For the most part, this is a strong point in the book, but at a few points, Minot's style puts the reader at a distance when we might prefer a closer understanding of the feelings of each family member. In a way, it's the same frustration one experiences when we know something has happened to a neighbor, but we don't know how to ask without seeming nosy or pushy. Perhaps this was a deliberate choice on Minot's part, this enforced distance from her characters, but intentional or not, it was frustrating at times.

Still, despite the occasional frustration, "Monkeys" is a well-rendered series of portraits of a modern American family, the foibles and wrinkles and soft tragedies that make up so much of the family landscape, and shape the people in it. Minot's writing is a delightful and refreshing change from the self-indulgent, overwrought prose most modern novelists love to employ, and in these brief vignettes, and the implication of events occurring between one and the next, we are given the chance to observe the quiet act of disintegration that goes on around us every day.



Rated by buyers 3 out of 5 stars - NO SYMPATHY FOR THESE CHARACTERS...
This is not a badly written 'novel', but I found that I didn't care a bit about any of these characters -- with the possible exception of the very first couple of 'chapters' (and I put it that way because, to me, this really felt more like a collection of short stories -- and indeed, much of it has appeared in that form in various publications), when they were very young children.

Perhaps because of the way their parents lived and raised them, and the fact that they are so privileged financially, the children grow up to be spoiled and self-centered, with few redeeming qualities -- I know this may seem a bit judgemental, this being a work of fiction, but when I read a book, I try to identify or sympathize with at least one of the characters. Pretty much without exception, all of the children in this book turn out to be brats who never really grow up. There was a quote on the book's cover comparing Susan Minot's work to that of J. D. Salinger -- she's a talented writer, but this doesn't hold a candle to his work.

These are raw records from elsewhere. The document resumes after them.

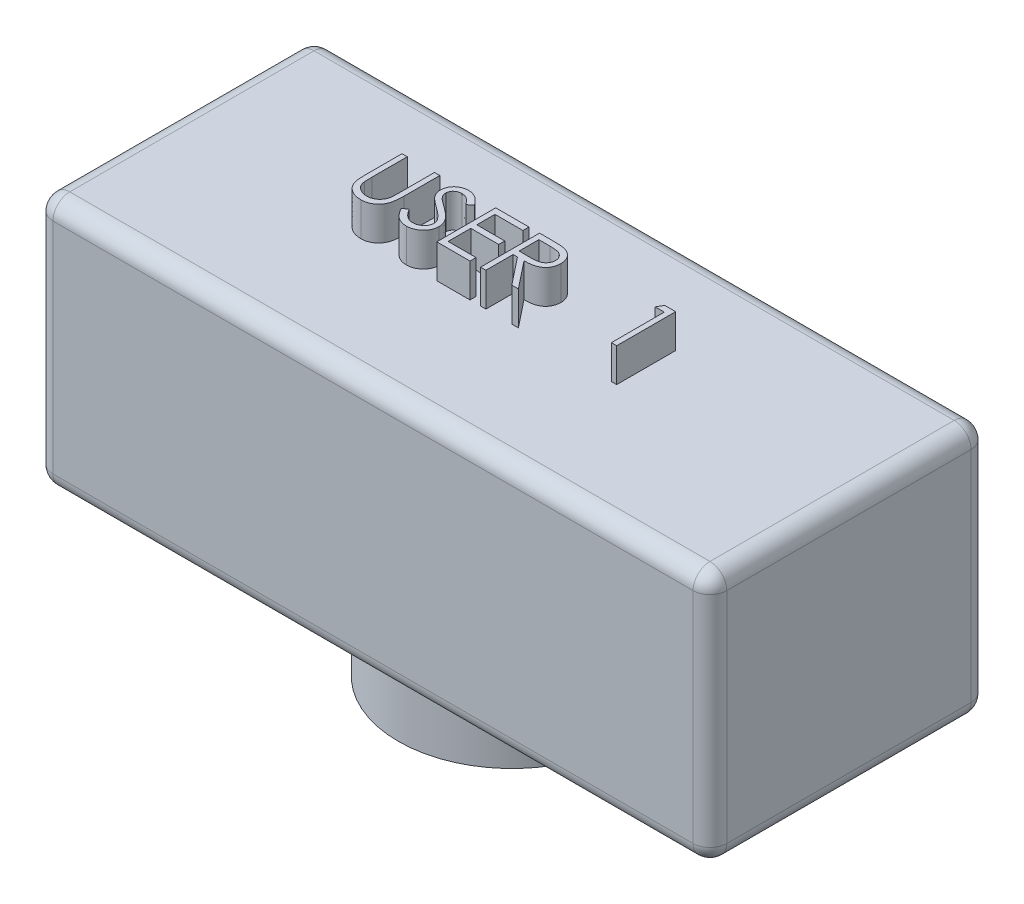
from build123d import *

# Parameters (mm, degrees)
SKETCH1_R           = 5.75
BOSS_EXTRUDE1_DEPTH = 4.5
SKETCH2_W           = 40
SKETCH2_H           = 16.5
BOSS_EXTRUDE2_DEPTH = 15
SKETCH3_R           = 6.75
BOSS_EXTRUDE3_DEPTH = 4
SKETCH5_R           = 5.75
CUT_EXTRUDE1_DEPTH  = 4
FILLET1_R           = 1
BOSS_EXTRUDE5_DEPTH = 2
FILLET2_R           = 1


with BuildPart() as part:
    # Sketch1 → Boss-Extrude1 (new body)
    with BuildSketch(Plane(origin=(0, 0, 0), x_dir=(1, 0, 0), z_dir=(0, 1, 0))):
        with Locations(Location((0, 0, 0), (0, 0, 270))):
            Circle(SKETCH1_R)
    extrude(amount=BOSS_EXTRUDE1_DEPTH)

    # Sketch2 → Boss-Extrude2 (add)
    with BuildSketch(Plane(origin=(0, 4.5, 0), x_dir=(1, 0, 0), z_dir=(0, 1, 0))):
        Rectangle(SKETCH2_W, SKETCH2_H)
    extrude(amount=BOSS_EXTRUDE2_DEPTH)

    # Sketch3 → Boss-Extrude3 (add)
    with BuildSketch(Plane.XZ.offset(-4.5)):
        with Locations(Location((0, 0, 0), (0, 0, 90))):
            Circle(SKETCH3_R)
    extrude(amount=BOSS_EXTRUDE3_DEPTH)

    # Sketch5 → Cut-Extrude1 (cut)
    with BuildSketch(Plane.XZ):
        with Locations(Location((0, 0, 0), (0, 0, 270))):
            Circle(SKETCH5_R)
    extrude(amount=-CUT_EXTRUDE1_DEPTH, mode=Mode.SUBTRACT)

    # Fillet1
    fillet1_edges = [part.edges().sort_by_distance(p)[0] for p in [
        (20, 19.5, 0),
        (0, 19.5, -8.25),
        (-20, 19.5, 0),
        (0, 19.5, 8.25),
    ]]
    fillet(fillet1_edges, radius=FILLET1_R)

    # Sketch9 → Boss-Extrude5 (add)
    # profile 1 of 5: a face of its own
    with BuildSketch(Plane(origin=(0, 19.5, 0), x_dir=(1, 0, 0), z_dir=(0, 1, 0))):
        with BuildLine():
            Line((-9.101327965, 2.570923135), (-8.787225401, 2.570923135))
            Line((-8.787225401, 2.570923135), (-8.787225401, 0.473867847))
            add(Edge.make_bspline(
                [(-8.787225401, 0.473867847), (-8.787272145, 0.444187111), (-8.78736085, 0.3878628), (-8.786768336, 0.307694499), (-8.785108967, 0.23642204), (-8.784062808, 0.173770693), (-8.781735474, 0.120027945), (-8.779837427, 0.074902635), (-8.777396871, 0.038608432), (-8.774463753, 0.017427506), (-8.773202965, 0.008322975)],
                knots=[0, 0, 0, 0, 1.528628734, 2.90083645, 4.128790002, 5.200304208, 6.127813768, 6.898992206, 7.526736466, 8, 8, 8, 8], degree=3))
            add(Edge.make_bspline(
                [(-8.773202965, 0.008322975), (-8.768025506, -0.024523789), (-8.75796232, -0.088366518), (-8.732315942, -0.179274799), (-8.696498441, -0.261206258), (-8.654055398, -0.336717549), (-8.598122787, -0.403706909), (-8.531119252, -0.465418562), (-8.449941483, -0.519390366), (-8.359680877, -0.568741178), (-8.26239564, -0.608406261), (-8.162984374, -0.638399625), (-8.062941394, -0.656678525), (-7.995965229, -0.658795064), (-7.96270617, -0.659846096)],
                knots=[0, 0, 0, 0, 1.035780045, 2.013197591, 2.933192213, 3.817615948, 4.702609284, 5.640816605, 6.646850145, 7.73207398, 8.84249596, 9.914020372, 10.964143139, 12, 12, 12, 12], degree=3))
            add(Edge.make_bspline(
                [(-7.96270617, -0.659846096), (-7.93415243, -0.658772245), (-7.877209868, -0.656630747), (-7.792603437, -0.643369316), (-7.710203328, -0.61946875), (-7.629602649, -0.588628992), (-7.554051664, -0.547881401), (-7.483508222, -0.500810561), (-7.420544288, -0.445599685), (-7.36308629, -0.384499341), (-7.313051354, -0.315559541), (-7.269680213, -0.240281403), (-7.234154283, -0.157532056), (-7.216610758, -0.099377634), (-7.207597997, -0.069501544)],
                knots=[0, 0, 0, 0, 0.994687771, 1.983630487, 2.973142513, 3.978332533, 4.983357753, 5.956394766, 6.925816176, 7.893390482, 8.871859704, 9.88551698, 10.913711441, 12, 12, 12, 12], degree=3))
            add(Edge.make_bspline(
                [(-7.207597997, -0.069501544), (-7.204597872, -0.05715297), (-7.197912384, -0.02963537), (-7.191665339, 0.016885921), (-7.185158813, 0.071775285), (-7.180644243, 0.135427097), (-7.176243023, 0.20762807), (-7.17360995, 0.288754327), (-7.172392917, 0.378511288), (-7.172030237, 0.44114845), (-7.171840785, 0.473867847)],
                knots=[0, 0, 0, 0, 0.558680831, 1.244966039, 2.062412453, 2.990489873, 4.051219941, 5.244515665, 6.560634259, 8, 8, 8, 8], degree=3))
            Line((-7.171840785, 0.473867847), (-7.171840785, 2.570923135))
            Line((-7.171840785, 2.570923135), (-6.857738221, 2.570923135))
            Line((-6.857738221, 2.570923135), (-6.857738221, 0.457040924))
            add(Edge.make_bspline(
                [(-6.857738221, 0.457040924), (-6.857992342, 0.418942545), (-6.858488273, 0.344591242), (-6.86278885, 0.235639883), (-6.869645849, 0.132286901), (-6.879333937, 0.034518405), (-6.892170941, -0.057315754), (-6.906446161, -0.144020523), (-6.924625694, -0.224973515), (-6.945859095, -0.300805933), (-6.970132643, -0.372991446), (-7.001573792, -0.441500061), (-7.036998292, -0.508414461), (-7.079012945, -0.572722569), (-7.126224327, -0.634709123), (-7.179676008, -0.693998198), (-7.237600169, -0.751537244), (-7.300959728, -0.80585031), (-7.368710254, -0.855658987), (-7.440650211, -0.899456758), (-7.516226981, -0.936480375), (-7.595244107, -0.9669563), (-7.67773531, -0.989870899), (-7.76370267, -1.006946055), (-7.853341863, -1.016648352), (-7.914306519, -1.018090282), (-7.945178125, -1.018820455)],
                knots=[0, 0, 0, 0, 1.316592851, 2.569410997, 3.76748051, 4.895814652, 5.963796859, 6.97159953, 7.931736103, 8.829262218, 9.692595152, 10.560224239, 11.431080259, 12.30701507, 13.211635791, 14.121146779, 15.063487852, 16.031507147, 17.00238618, 17.966455255, 18.938106653, 19.907068911, 20.888905087, 21.893141452, 22.933117798, 24, 24, 24, 24], degree=3))
            add(Edge.make_bspline(
                [(-7.945178125, -1.018820455), (-7.978847228, -1.018035689), (-8.044905887, -1.016495983), (-8.142243954, -1.007673233), (-8.23555815, -0.991054838), (-8.325834027, -0.969894895), (-8.411842524, -0.940711157), (-8.494735969, -0.906613032), (-8.57309465, -0.864735772), (-8.648189779, -0.818142379), (-8.718014535, -0.765717741), (-8.782111938, -0.708577567), (-8.840587808, -0.64763719), (-8.892456505, -0.582236824), (-8.938577389, -0.512885117), (-8.978307603, -0.439385877), (-9.012420847, -0.361767561), (-9.030027414, -0.30781436), (-9.038928125, -0.280539205)],
                knots=[0, 0, 0, 0, 1.13879206, 2.234305948, 3.301075583, 4.341971843, 5.366689343, 6.369221514, 7.369726634, 8.367512178, 9.355451585, 10.318319045, 11.268648973, 12.207971039, 13.137398894, 14.081662264, 15.030215811, 16, 16, 16, 16], degree=3))
            add(Edge.make_bspline(
                [(-9.038928125, -0.280539205), (-9.044105283, -0.26190663), (-9.055334655, -0.221492161), (-9.067359952, -0.154605673), (-9.077469034, -0.077590755), (-9.086974592, 0.009557863), (-9.09258355, 0.10690773), (-9.097500989, 0.214416646), (-9.101362608, 0.332214607), (-9.101339835, 0.414269123), (-9.101327965, 0.457040924)],
                knots=[0, 0, 0, 0, 0.625038921, 1.35572334, 2.194682327, 3.136881307, 4.189498639, 5.346923369, 6.617055217, 8, 8, 8, 8], degree=3))
            Line((-9.101327965, 0.457040924), (-9.101327965, 2.570923135))
        make_face()
    # profile 2 of 5: a face of its own
    with BuildSketch(Plane(origin=(0, 19.5, 0), x_dir=(1, 0, 0), z_dir=(0, 1, 0))):
        with BuildLine():
            Line((-6.319276683, -0.253896576), (-6.023403285, -0.076512762))
            add(Edge.make_bspline(
                [(-6.023403285, -0.076512762), (-5.995885048, -0.122577147), (-5.943161168, -0.210834731), (-5.855209808, -0.330092772), (-5.764076897, -0.431454928), (-5.669087564, -0.514331536), (-5.570821616, -0.579580423), (-5.468637562, -0.625782654), (-5.362879751, -0.65459863), (-5.29090593, -0.658098716), (-5.254973798, -0.659846096)],
                knots=[0, 0, 0, 0, 1.272034388, 2.437168799, 3.508375237, 4.49857839, 5.41946034, 6.295179144, 7.148887113, 8, 8, 8, 8], degree=3))
            add(Edge.make_bspline(
                [(-5.254973798, -0.659846096), (-5.224286938, -0.658991423), (-5.163450165, -0.657297033), (-5.073887922, -0.641016231), (-4.98690612, -0.616004102), (-4.904297482, -0.58018317), (-4.827201867, -0.536844685), (-4.759595172, -0.484498507), (-4.701149059, -0.425892301), (-4.653339944, -0.360509647), (-4.616659909, -0.290192498), (-4.58846784, -0.218016547), (-4.572822767, -0.142847979), (-4.570466013, -0.092237516), (-4.569276683, -0.066697057)],
                knots=[0, 0, 0, 0, 1.095163259, 2.171163733, 3.241058638, 4.321873601, 5.38011039, 6.391990106, 7.366004449, 8.327778327, 9.272591725, 10.192022065, 11.087607919, 12, 12, 12, 12], degree=3))
            add(Edge.make_bspline(
                [(-4.569276683, -0.066697057), (-4.570750994, -0.037556208), (-4.573748052, 0.021682882), (-4.599079532, 0.109082535), (-4.638928779, 0.195575105), (-4.675691422, 0.24907637), (-4.694777484, 0.276852622)],
                knots=[0, 0, 0, 0, 0.938893495, 1.908633276, 2.914225137, 4, 4, 4, 4], degree=3))
            add(Edge.make_bspline(
                [(-4.694777484, 0.276852622), (-4.710448098, 0.296899446), (-4.743346593, 0.338985244), (-4.799904105, 0.40163048), (-4.86627022, 0.466248899), (-4.940173774, 0.535307956), (-5.024306863, 0.605595753), (-5.116034378, 0.68046403), (-5.217698237, 0.757065607), (-5.288997733, 0.808438173), (-5.3257871, 0.834945571)],
                knots=[0, 0, 0, 0, 0.722233717, 1.516239348, 2.393582979, 3.351407094, 4.387010283, 5.505090956, 6.712668013, 8, 8, 8, 8], degree=3))
            add(Edge.make_bspline(
                [(-5.3257871, 0.834945571), (-5.362611096, 0.861174159), (-5.433015772, 0.911321221), (-5.531474355, 0.985745505), (-5.619518818, 1.053789374), (-5.696757834, 1.116093387), (-5.763157431, 1.172665991), (-5.819240842, 1.22296393), (-5.863579399, 1.268347491), (-5.88823498, 1.297788833), (-5.899304728, 1.31100727)],
                knots=[0, 0, 0, 0, 1.452282411, 2.77665338, 3.964542531, 5.026858415, 5.96415736, 6.766646006, 7.446254459, 8, 8, 8, 8], degree=3))
            add(Edge.make_bspline(
                [(-5.899304728, 1.31100727), (-5.914777273, 1.331608307), (-5.94520611, 1.37212301), (-5.985372115, 1.435447868), (-6.019511278, 1.500271134), (-6.04627361, 1.566766998), (-6.068809829, 1.634001927), (-6.08396776, 1.702853173), (-6.093459157, 1.773011791), (-6.094431143, 1.820225292), (-6.094917709, 1.843859834)],
                knots=[0, 0, 0, 0, 1.068054152, 2.10047183, 3.106115577, 4.101338837, 5.06977816, 6.043150881, 7.020423561, 8, 8, 8, 8], degree=3))
            add(Edge.make_bspline(
                [(-6.094917709, 1.843859834), (-6.0936125, 1.880889608), (-6.091029979, 1.954157672), (-6.069189462, 2.061188503), (-6.034716569, 2.16337492), (-5.986421681, 2.259705253), (-5.924164328, 2.347671234), (-5.852118353, 2.428284721), (-5.766306867, 2.496053304), (-5.672154244, 2.555265362), (-5.569097872, 2.601611287), (-5.461106968, 2.636572267), (-5.348009896, 2.656381525), (-5.271406762, 2.65922429), (-5.232537901, 2.660666725)],
                knots=[0, 0, 0, 0, 1.005424448, 1.989358655, 2.955360095, 3.929531133, 4.905563448, 5.876582895, 6.856512386, 7.866279853, 8.892233794, 9.918561126, 10.94386622, 12, 12, 12, 12], degree=3))
            add(Edge.make_bspline(
                [(-5.232537901, 2.660666725), (-5.191293801, 2.659244173), (-5.109272449, 2.656415172), (-4.988623233, 2.631817641), (-4.872462517, 2.591116969), (-4.779019252, 2.544928311), (-4.705886491, 2.498796895), (-4.650113758, 2.456777071), (-4.593596307, 2.408401962), (-4.535878252, 2.353542716), (-4.477937593, 2.291695965), (-4.418914141, 2.223285276), (-4.358669872, 2.148728721), (-4.319914012, 2.09550422), (-4.300045914, 2.068218808)],
                knots=[0, 0, 0, 0, 1.286793592, 2.559021753, 3.825965368, 5.121522368, 5.803751409, 6.523245864, 7.299691795, 8.125521123, 9.008227632, 9.944561021, 10.946284179, 12, 12, 12, 12], degree=3))
            Line((-4.300045914, 2.068218808), (-4.584000241, 1.852974417))
            add(Edge.make_bspline(
                [(-4.584000241, 1.852974417), (-4.601146173, 1.875063108), (-4.63416523, 1.917600761), (-4.684294717, 1.977172076), (-4.731543365, 2.031588556), (-4.778093765, 2.078853684), (-4.821487396, 2.121555817), (-4.863604438, 2.158115574), (-4.90383879, 2.18889117), (-4.9545557, 2.22173473), (-5.018273419, 2.254291233), (-5.098257955, 2.281840311), (-5.18184423, 2.298395373), (-5.238773861, 2.300584261), (-5.267593991, 2.301692366)],
                knots=[0, 0, 0, 0, 1.181633172, 2.275549214, 3.290209073, 4.226197932, 5.078386478, 5.862611352, 6.581680152, 7.217281963, 8.414376989, 9.595101626, 10.782541182, 12, 12, 12, 12], degree=3))
            add(Edge.make_bspline(
                [(-5.267593991, 2.301692366), (-5.303750513, 2.300480666), (-5.37347496, 2.298144017), (-5.472465197, 2.272624031), (-5.561559122, 2.232442171), (-5.638111687, 2.176127193), (-5.701848664, 2.1094062), (-5.747954122, 2.032627345), (-5.775704287, 1.947844943), (-5.779090567, 1.888703286), (-5.780815144, 1.858583392)],
                knots=[0, 0, 0, 0, 1.14458467, 2.207223713, 3.21896685, 4.227309161, 5.202851033, 6.127160689, 7.046193047, 8, 8, 8, 8], degree=3))
            add(Edge.make_bspline(
                [(-5.780815144, 1.858583392), (-5.780422018, 1.839831913), (-5.779635122, 1.802298294), (-5.768660324, 1.746846872), (-5.754560995, 1.691535532), (-5.732218363, 1.636612949), (-5.70137306, 1.58111859), (-5.660867884, 1.524096853), (-5.609854572, 1.465045144), (-5.570777559, 1.42663777), (-5.550146074, 1.406359834)],
                knots=[0, 0, 0, 0, 0.858281714, 1.717966888, 2.583508476, 3.4729293, 4.427298488, 5.488583878, 6.674047936, 8, 8, 8, 8], degree=3))
            add(Edge.make_bspline(
                [(-5.550146074, 1.406359834), (-5.542484702, 1.399522808), (-5.524283034, 1.3832796), (-5.491007109, 1.356687319), (-5.44706431, 1.323884547), (-5.393602109, 1.28329723), (-5.329634748, 1.236215768), (-5.255155191, 1.183242156), (-5.170993659, 1.122656697), (-5.111271743, 1.080299156), (-5.07969335, 1.057902302)],
                knots=[0, 0, 0, 0, 0.420754252, 0.999615792, 1.744751191, 2.668019286, 3.750313428, 4.999500688, 6.413464383, 8, 8, 8, 8], degree=3))
            add(Edge.make_bspline(
                [(-5.07969335, 1.057902302), (-5.041707436, 1.030260942), (-4.96815298, 0.97673728), (-4.8634954, 0.8963216), (-4.768601592, 0.817673832), (-4.683138388, 0.741296225), (-4.60626148, 0.667768132), (-4.538823759, 0.596204951), (-4.480138079, 0.527119379), (-4.41695886, 0.438546803), (-4.352401041, 0.329765719), (-4.296959533, 0.19648748), (-4.262001186, 0.06269116), (-4.257429671, -0.027235677), (-4.255174119, -0.07160491)],
                knots=[0, 0, 0, 0, 1.163667725, 2.253281268, 3.268753668, 4.215851969, 5.092017293, 5.902905408, 6.650798638, 7.335211899, 8.59617414, 9.77448103, 10.901945474, 12, 12, 12, 12], degree=3))
            add(Edge.make_bspline(
                [(-4.255174119, -0.07160491), (-4.255831257, -0.102983275), (-4.257132772, -0.165130658), (-4.272093686, -0.256385735), (-4.294013351, -0.345016605), (-4.327050585, -0.429927717), (-4.367373743, -0.51267248), (-4.418539991, -0.591080381), (-4.477847676, -0.666886779), (-4.545881441, -0.73807027), (-4.620327343, -0.803416466), (-4.699011038, -0.861545528), (-4.782061311, -0.910013851), (-4.869027627, -0.949564693), (-4.959929964, -0.980498211), (-5.054737748, -1.00291108), (-5.153607259, -1.016666791), (-5.220807741, -1.018094552), (-5.254973798, -1.018820455)],
                knots=[0, 0, 0, 0, 0.983748083, 1.948392443, 2.894712957, 3.844097841, 4.80183111, 5.778335162, 6.776009319, 7.81870978, 8.863265674, 9.881300176, 10.883814829, 11.87499822, 12.874611388, 13.892143829, 14.928324115, 16, 16, 16, 16], degree=3))
            add(Edge.make_bspline(
                [(-5.254973798, -1.018820455), (-5.281409141, -1.018309273), (-5.333946901, -1.017293348), (-5.411656383, -1.008312067), (-5.487795972, -0.995604964), (-5.561410254, -0.975430894), (-5.633447666, -0.950953917), (-5.703594901, -0.920815584), (-5.771885954, -0.884698383), (-5.838703537, -0.843403358), (-5.903877712, -0.795345613), (-5.96679718, -0.739372117), (-6.029526365, -0.677026612), (-6.090213762, -0.606616049), (-6.150086906, -0.529277966), (-6.207965316, -0.444288782), (-6.265047033, -0.352111429), (-6.300862501, -0.287246343), (-6.319276683, -0.253896576)],
                knots=[0, 0, 0, 0, 0.915332311, 1.819136955, 2.706846663, 3.586547465, 4.459518054, 5.340707479, 6.227863349, 7.133153174, 8.059268498, 9.028702269, 10.047606654, 11.120612155, 12.245963614, 13.433783089, 14.680604001, 16, 16, 16, 16], degree=3))
        make_face()
    # profile 3 of 5: a face of its own
    with BuildSketch(Plane(origin=(0, 19.5, 0), x_dir=(1, 0, 0), z_dir=(0, 1, 0))):
        Polygon((-3.537225401, 2.570923135), (-1.562866427, 2.570923135), (-1.562866427, 2.211948776), (-3.223122837, 2.211948776), (-3.223122837, 1.135025699), (-1.562866427, 1.135025699), (-1.562866427, 0.77605134), (-3.223122837, 0.77605134), (-3.223122837, -0.570102506), (-1.562866427, -0.570102506), (-1.562866427, -0.929076865), (-3.537225401, -0.929076865), align=None)
    # profile 4 of 5: a face of its own
    with BuildSketch(Plane(origin=(0, 19.5, 0), x_dir=(1, 0, 0), z_dir=(0, 1, 0))):
        with BuildLine():
            Line((-0.934661298, 2.570923135), (-0.234240625, 2.570923135))
            add(Edge.make_bspline(
                [(-0.234240625, 2.570923135), (-0.187499497, 2.570767549), (-0.097751352, 2.570468807), (0.030821918, 2.568803044), (0.147649015, 2.564028688), (0.252668854, 2.559920105), (0.345879509, 2.552428163), (0.4275668, 2.545267516), (0.497354498, 2.535893855), (0.539600349, 2.527188432), (0.558728125, 2.523246853)],
                knots=[0, 0, 0, 0, 1.410062039, 2.707475311, 3.878576406, 4.937260626, 5.877586885, 6.699081471, 7.410979367, 8, 8, 8, 8], degree=3))
            add(Edge.make_bspline(
                [(0.558728125, 2.523246853), (0.584334749, 2.516920088), (0.635001738, 2.504401524), (0.707951804, 2.477941923), (0.777466128, 2.447322299), (0.843255953, 2.411358578), (0.904991744, 2.369783799), (0.963310055, 2.323315676), (1.018475518, 2.27220847), (1.068257148, 2.215173629), (1.1151962, 2.155337119), (1.154784826, 2.090633362), (1.188911306, 2.022971835), (1.216081823, 1.951664417), (1.237959797, 1.877402645), (1.253386036, 1.799513848), (1.262637224, 1.718352873), (1.263579079, 1.662994965), (1.26405665, 1.634925539)],
                knots=[0, 0, 0, 0, 1.027469482, 2.033020251, 3.019912614, 3.986113645, 4.951240523, 5.91722682, 6.890402269, 7.87763091, 8.8651537, 9.85103654, 10.82876324, 11.815024772, 12.821070561, 13.842952187, 14.906261191, 16, 16, 16, 16], degree=3))
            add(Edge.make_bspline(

I much preferred THE TINY ONE, by Minot's sister Eliza -- her style was much warmer and gentler, and the characters she drew much more likable. I've read a lot of good comment's about Susan's writing, so I'm still curious to check out some of her other books -- but this one disappointed me.



Rated by buyers 4 out of 5 stars - A moving glimpse
A moving glimpse into the world of a New England family. With such an exuberant, energetic family, enviable social connections, and vacations boating in Maine, are the Vincents living the good life? Of course not. They are miserable. Minot skillfully sketches the framework of pain underpinning these lives.